**Requirement**
Exact copies of the line with "(24, 4, -18.5)" and of all lines after it through the end of the entries are required, and no other lines.

**Working data**
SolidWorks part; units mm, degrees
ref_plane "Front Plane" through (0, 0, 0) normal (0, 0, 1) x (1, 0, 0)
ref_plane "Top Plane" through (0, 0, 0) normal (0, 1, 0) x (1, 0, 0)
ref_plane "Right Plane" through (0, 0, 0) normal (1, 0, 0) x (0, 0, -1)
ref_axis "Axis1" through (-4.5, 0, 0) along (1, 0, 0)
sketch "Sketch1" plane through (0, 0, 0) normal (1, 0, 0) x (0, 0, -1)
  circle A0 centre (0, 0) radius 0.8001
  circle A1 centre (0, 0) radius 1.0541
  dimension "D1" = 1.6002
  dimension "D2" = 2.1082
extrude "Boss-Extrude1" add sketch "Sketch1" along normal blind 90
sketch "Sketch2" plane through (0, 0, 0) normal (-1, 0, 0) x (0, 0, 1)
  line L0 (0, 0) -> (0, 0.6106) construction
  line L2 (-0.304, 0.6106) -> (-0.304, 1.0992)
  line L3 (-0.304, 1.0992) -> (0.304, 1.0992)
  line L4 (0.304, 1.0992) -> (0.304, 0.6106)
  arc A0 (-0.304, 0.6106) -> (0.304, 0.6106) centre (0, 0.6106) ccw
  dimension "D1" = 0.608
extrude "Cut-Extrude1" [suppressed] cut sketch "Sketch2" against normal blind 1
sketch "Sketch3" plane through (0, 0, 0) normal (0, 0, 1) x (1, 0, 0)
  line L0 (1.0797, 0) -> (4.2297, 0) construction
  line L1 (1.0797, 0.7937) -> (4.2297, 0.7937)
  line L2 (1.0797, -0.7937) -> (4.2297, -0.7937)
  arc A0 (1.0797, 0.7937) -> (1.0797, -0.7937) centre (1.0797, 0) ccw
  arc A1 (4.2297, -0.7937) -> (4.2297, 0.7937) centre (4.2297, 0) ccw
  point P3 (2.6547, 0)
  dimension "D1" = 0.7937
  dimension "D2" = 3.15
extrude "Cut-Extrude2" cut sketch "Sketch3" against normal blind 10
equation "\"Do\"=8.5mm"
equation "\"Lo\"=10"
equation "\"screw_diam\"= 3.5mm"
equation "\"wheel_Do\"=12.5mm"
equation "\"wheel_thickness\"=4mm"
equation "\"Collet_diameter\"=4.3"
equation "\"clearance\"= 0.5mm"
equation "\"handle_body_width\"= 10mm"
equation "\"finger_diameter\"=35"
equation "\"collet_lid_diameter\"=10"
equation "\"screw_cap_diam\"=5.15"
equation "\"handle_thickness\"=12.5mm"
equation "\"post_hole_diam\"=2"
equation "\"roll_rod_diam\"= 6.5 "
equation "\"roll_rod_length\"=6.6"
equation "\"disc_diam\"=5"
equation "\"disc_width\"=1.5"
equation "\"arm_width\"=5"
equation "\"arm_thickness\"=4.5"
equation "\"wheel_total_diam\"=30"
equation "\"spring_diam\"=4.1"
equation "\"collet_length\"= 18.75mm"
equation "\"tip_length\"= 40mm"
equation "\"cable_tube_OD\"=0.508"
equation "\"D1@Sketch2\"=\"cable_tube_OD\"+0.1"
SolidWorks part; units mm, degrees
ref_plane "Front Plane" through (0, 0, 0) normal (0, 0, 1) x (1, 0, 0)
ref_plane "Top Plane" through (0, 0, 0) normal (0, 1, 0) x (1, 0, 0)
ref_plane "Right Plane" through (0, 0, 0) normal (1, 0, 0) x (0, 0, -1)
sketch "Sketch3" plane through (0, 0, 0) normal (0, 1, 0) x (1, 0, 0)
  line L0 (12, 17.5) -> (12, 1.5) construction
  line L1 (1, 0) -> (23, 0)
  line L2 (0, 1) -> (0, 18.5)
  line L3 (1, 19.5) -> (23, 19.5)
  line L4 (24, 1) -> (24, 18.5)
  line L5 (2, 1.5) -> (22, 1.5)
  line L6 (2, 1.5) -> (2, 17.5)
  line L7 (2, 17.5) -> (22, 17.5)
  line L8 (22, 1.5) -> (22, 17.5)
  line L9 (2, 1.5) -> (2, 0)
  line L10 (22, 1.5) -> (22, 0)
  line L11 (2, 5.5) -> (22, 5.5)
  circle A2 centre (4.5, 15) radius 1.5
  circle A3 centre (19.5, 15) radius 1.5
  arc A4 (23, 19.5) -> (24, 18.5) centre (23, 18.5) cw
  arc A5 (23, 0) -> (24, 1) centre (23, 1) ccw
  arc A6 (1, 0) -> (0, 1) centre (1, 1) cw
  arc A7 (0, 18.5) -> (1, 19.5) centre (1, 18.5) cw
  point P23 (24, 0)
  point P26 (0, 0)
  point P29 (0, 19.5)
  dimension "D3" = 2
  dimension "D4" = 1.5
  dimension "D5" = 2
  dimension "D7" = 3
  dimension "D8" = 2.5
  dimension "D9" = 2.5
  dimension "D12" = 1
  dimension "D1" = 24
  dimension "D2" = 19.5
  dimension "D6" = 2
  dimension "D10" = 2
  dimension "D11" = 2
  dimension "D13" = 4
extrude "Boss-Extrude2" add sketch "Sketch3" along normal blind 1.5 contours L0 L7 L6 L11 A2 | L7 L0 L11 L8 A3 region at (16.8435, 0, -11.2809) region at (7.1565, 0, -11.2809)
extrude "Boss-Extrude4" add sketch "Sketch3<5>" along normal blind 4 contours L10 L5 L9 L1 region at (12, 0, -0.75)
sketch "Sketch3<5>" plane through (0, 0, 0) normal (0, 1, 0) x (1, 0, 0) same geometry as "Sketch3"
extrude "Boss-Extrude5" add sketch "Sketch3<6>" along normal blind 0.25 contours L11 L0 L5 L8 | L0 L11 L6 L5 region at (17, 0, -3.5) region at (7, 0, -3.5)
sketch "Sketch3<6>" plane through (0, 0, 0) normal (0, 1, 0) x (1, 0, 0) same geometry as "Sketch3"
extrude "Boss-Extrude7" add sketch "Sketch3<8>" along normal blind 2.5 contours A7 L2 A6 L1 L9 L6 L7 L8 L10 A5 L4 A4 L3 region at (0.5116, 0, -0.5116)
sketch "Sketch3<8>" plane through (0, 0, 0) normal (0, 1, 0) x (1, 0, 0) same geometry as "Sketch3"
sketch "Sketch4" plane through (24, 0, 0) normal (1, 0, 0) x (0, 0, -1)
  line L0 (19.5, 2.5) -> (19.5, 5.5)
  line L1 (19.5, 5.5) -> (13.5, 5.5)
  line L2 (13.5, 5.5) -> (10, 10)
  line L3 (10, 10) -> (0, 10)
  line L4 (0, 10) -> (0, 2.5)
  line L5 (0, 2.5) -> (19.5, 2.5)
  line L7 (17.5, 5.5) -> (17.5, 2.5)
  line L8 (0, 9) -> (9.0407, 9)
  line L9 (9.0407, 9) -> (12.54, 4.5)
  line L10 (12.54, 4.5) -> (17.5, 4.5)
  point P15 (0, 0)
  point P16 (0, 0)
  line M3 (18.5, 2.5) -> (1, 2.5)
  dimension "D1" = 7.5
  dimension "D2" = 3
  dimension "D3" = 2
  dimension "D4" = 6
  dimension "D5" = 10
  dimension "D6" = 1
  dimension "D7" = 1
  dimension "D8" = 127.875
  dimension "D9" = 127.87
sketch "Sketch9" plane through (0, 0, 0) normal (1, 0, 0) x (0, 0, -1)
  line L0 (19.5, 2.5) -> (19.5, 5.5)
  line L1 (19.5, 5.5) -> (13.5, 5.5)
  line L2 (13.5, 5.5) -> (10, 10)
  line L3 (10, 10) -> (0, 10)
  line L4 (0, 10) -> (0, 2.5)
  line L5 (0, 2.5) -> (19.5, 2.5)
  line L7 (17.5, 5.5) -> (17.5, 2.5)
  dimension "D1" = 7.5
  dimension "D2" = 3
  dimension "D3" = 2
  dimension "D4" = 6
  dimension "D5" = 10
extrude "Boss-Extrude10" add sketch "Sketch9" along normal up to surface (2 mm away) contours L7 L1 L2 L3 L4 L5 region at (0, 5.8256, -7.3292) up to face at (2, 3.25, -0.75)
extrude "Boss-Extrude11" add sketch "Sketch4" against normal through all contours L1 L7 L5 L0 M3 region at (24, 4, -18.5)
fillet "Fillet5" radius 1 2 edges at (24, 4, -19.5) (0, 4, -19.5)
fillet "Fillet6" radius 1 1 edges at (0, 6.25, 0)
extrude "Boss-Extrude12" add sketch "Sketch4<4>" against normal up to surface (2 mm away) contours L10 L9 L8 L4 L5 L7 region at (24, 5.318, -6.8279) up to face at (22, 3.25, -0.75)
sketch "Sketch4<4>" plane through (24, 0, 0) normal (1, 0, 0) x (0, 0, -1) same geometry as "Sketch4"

**Result of the exercise**
extrude "Boss-Extrude11" add sketch "Sketch4" against normal through all contours L1 L7 L5 L0 M3 region at (24, 4, -18.5)
fillet "Fillet5" radius 1 2 edges at (24, 4, -19.5) (0, 4, -19.5)
fillet "Fillet6" radius 1 1 edges at (0, 6.25, 0)
extrude "Boss-Extrude12" add sketch "Sketch4<4>" against normal up to surface (2 mm away) contours L10 L9 L8 L4 L5 L7 region at (24, 5.318, -6.8279) up to face at (22, 3.25, -0.75)
sketch "Sketch4<4>" plane through (24, 0, 0) normal (1, 0, 0) x (0, 0, -1) same geometry as "Sketch4"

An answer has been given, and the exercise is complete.